Stored records:
-- -- --
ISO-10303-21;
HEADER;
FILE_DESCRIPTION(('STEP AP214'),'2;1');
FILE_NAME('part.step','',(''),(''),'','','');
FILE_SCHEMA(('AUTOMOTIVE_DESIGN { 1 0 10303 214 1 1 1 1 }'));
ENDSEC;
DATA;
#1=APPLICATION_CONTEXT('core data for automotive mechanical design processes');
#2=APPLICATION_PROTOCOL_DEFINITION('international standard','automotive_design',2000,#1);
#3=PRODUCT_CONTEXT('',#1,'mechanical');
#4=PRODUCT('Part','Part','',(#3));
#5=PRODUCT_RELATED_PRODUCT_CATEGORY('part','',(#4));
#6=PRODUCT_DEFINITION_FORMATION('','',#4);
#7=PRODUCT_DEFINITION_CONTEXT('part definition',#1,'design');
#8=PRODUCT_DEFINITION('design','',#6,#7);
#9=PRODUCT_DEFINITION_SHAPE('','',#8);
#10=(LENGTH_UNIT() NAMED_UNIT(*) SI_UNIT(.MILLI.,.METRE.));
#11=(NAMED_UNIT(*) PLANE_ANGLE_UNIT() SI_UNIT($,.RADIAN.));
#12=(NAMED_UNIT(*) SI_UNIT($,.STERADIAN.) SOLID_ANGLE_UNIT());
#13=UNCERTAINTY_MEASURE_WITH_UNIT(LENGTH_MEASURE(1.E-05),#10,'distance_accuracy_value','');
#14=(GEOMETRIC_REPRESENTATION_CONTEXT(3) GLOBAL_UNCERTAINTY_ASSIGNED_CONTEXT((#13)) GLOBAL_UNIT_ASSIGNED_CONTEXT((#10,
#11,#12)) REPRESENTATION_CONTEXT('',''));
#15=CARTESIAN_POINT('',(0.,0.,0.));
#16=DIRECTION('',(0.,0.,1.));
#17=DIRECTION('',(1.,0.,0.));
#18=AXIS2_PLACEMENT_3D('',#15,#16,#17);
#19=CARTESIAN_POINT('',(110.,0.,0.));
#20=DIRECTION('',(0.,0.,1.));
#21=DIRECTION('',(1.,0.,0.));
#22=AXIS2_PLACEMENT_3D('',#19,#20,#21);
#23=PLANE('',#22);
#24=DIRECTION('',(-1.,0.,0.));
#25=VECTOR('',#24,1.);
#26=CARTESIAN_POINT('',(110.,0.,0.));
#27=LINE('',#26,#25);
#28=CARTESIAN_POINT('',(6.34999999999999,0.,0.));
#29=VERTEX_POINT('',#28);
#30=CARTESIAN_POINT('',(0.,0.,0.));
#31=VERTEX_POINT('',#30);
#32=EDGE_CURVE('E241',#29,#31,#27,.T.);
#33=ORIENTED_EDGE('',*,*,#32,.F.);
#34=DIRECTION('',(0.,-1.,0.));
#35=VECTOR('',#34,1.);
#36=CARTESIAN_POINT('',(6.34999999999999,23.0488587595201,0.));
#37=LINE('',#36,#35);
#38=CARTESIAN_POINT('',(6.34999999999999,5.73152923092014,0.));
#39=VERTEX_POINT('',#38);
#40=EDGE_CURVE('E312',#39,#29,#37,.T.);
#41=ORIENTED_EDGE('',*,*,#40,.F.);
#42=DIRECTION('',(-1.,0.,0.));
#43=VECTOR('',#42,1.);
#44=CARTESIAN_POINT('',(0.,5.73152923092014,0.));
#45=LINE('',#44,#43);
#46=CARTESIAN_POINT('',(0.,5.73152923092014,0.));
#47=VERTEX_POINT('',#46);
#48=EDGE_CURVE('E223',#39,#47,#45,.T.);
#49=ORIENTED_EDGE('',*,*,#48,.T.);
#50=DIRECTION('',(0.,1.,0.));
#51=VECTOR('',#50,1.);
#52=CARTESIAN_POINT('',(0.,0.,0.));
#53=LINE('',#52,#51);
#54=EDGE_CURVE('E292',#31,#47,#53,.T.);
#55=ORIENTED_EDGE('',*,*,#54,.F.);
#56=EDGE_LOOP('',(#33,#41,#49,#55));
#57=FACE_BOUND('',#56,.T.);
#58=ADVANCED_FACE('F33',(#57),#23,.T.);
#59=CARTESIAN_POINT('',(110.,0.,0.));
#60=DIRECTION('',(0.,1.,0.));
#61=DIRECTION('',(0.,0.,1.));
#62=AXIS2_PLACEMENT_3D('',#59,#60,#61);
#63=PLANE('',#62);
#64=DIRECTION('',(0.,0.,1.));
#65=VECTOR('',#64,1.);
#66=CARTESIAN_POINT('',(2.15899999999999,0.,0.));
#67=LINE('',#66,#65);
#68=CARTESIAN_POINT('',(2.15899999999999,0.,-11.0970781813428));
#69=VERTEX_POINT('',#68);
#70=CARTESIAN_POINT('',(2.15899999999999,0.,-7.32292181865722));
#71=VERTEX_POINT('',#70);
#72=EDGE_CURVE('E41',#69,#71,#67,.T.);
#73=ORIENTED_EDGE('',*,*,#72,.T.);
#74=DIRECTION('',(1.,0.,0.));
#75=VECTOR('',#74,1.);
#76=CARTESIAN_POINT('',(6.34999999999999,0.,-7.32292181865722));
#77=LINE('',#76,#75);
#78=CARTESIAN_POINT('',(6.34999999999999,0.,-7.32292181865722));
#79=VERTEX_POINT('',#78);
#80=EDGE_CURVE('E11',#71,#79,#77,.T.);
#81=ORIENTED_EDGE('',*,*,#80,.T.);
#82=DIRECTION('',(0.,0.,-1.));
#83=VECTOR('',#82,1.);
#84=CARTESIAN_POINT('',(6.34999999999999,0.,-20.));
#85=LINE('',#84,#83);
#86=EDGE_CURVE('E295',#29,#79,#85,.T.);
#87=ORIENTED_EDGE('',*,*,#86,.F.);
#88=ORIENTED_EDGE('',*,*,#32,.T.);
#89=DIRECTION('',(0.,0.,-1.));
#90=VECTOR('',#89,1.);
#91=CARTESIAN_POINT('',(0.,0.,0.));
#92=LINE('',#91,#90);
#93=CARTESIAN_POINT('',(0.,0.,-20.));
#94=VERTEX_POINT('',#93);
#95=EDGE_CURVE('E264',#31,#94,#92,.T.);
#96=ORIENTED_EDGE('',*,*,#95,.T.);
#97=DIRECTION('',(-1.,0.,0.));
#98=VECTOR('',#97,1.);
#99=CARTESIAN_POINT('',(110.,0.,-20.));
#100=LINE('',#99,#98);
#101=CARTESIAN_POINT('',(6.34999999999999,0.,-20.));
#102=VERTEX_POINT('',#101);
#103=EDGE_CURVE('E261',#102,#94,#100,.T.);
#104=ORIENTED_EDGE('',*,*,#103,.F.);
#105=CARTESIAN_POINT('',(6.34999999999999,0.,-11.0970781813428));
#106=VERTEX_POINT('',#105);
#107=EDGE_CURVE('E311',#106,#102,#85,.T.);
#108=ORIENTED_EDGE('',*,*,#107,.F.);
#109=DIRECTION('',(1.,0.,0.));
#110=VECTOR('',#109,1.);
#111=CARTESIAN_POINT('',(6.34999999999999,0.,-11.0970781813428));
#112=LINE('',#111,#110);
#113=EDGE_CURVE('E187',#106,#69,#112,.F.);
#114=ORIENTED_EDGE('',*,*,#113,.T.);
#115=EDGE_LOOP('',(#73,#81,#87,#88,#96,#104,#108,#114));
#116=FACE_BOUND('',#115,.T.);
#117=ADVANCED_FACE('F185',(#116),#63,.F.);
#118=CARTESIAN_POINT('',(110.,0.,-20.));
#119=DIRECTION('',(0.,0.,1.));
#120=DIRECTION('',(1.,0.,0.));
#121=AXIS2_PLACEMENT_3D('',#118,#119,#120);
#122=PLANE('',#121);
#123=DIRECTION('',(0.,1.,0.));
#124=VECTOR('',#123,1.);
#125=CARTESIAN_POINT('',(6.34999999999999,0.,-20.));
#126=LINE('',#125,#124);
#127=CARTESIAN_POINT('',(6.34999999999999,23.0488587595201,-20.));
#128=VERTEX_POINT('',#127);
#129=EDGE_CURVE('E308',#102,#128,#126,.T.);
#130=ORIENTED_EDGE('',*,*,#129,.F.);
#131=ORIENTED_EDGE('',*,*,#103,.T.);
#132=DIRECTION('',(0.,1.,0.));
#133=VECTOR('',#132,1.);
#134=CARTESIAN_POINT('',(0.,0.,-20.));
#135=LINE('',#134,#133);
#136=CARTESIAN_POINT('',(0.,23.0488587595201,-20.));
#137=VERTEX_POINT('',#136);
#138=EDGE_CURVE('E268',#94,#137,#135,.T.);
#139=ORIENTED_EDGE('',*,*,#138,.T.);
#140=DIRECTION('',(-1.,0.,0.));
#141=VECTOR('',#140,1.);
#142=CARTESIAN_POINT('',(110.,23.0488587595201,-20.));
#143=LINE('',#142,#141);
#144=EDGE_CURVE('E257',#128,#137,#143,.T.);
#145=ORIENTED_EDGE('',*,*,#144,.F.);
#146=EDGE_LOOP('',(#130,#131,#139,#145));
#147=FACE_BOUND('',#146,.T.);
-- -- --
Task to complete >> Of the entries listed above, reproduce only the lines starting at the line containing "#44=CARTESIAN_POINT('',(0.,5.73152923092014,0.));" and ending at the line containing "#59=CARTESIAN_POINT('',(110.,0.,0.));". Include both, exactly as they stand.

Response area >>
#44=CARTESIAN_POINT('',(0.,5.73152923092014,0.));
#45=LINE('',#44,#43);
#46=CARTESIAN_POINT('',(0.,5.73152923092014,0.));
#47=VERTEX_POINT('',#46);
#48=EDGE_CURVE('E223',#39,#47,#45,.T.);
#49=ORIENTED_EDGE('',*,*,#48,.T.);
#50=DIRECTION('',(0.,1.,0.));
#51=VECTOR('',#50,1.);
#52=CARTESIAN_POINT('',(0.,0.,0.));
#53=LINE('',#52,#51);
#54=EDGE_CURVE('E292',#31,#47,#53,.T.);
#55=ORIENTED_EDGE('',*,*,#54,.F.);
#56=EDGE_LOOP('',(#33,#41,#49,#55));
#57=FACE_BOUND('',#56,.T.);
#58=ADVANCED_FACE('F33',(#57),#23,.T.);
#59=CARTESIAN_POINT('',(110.,0.,0.));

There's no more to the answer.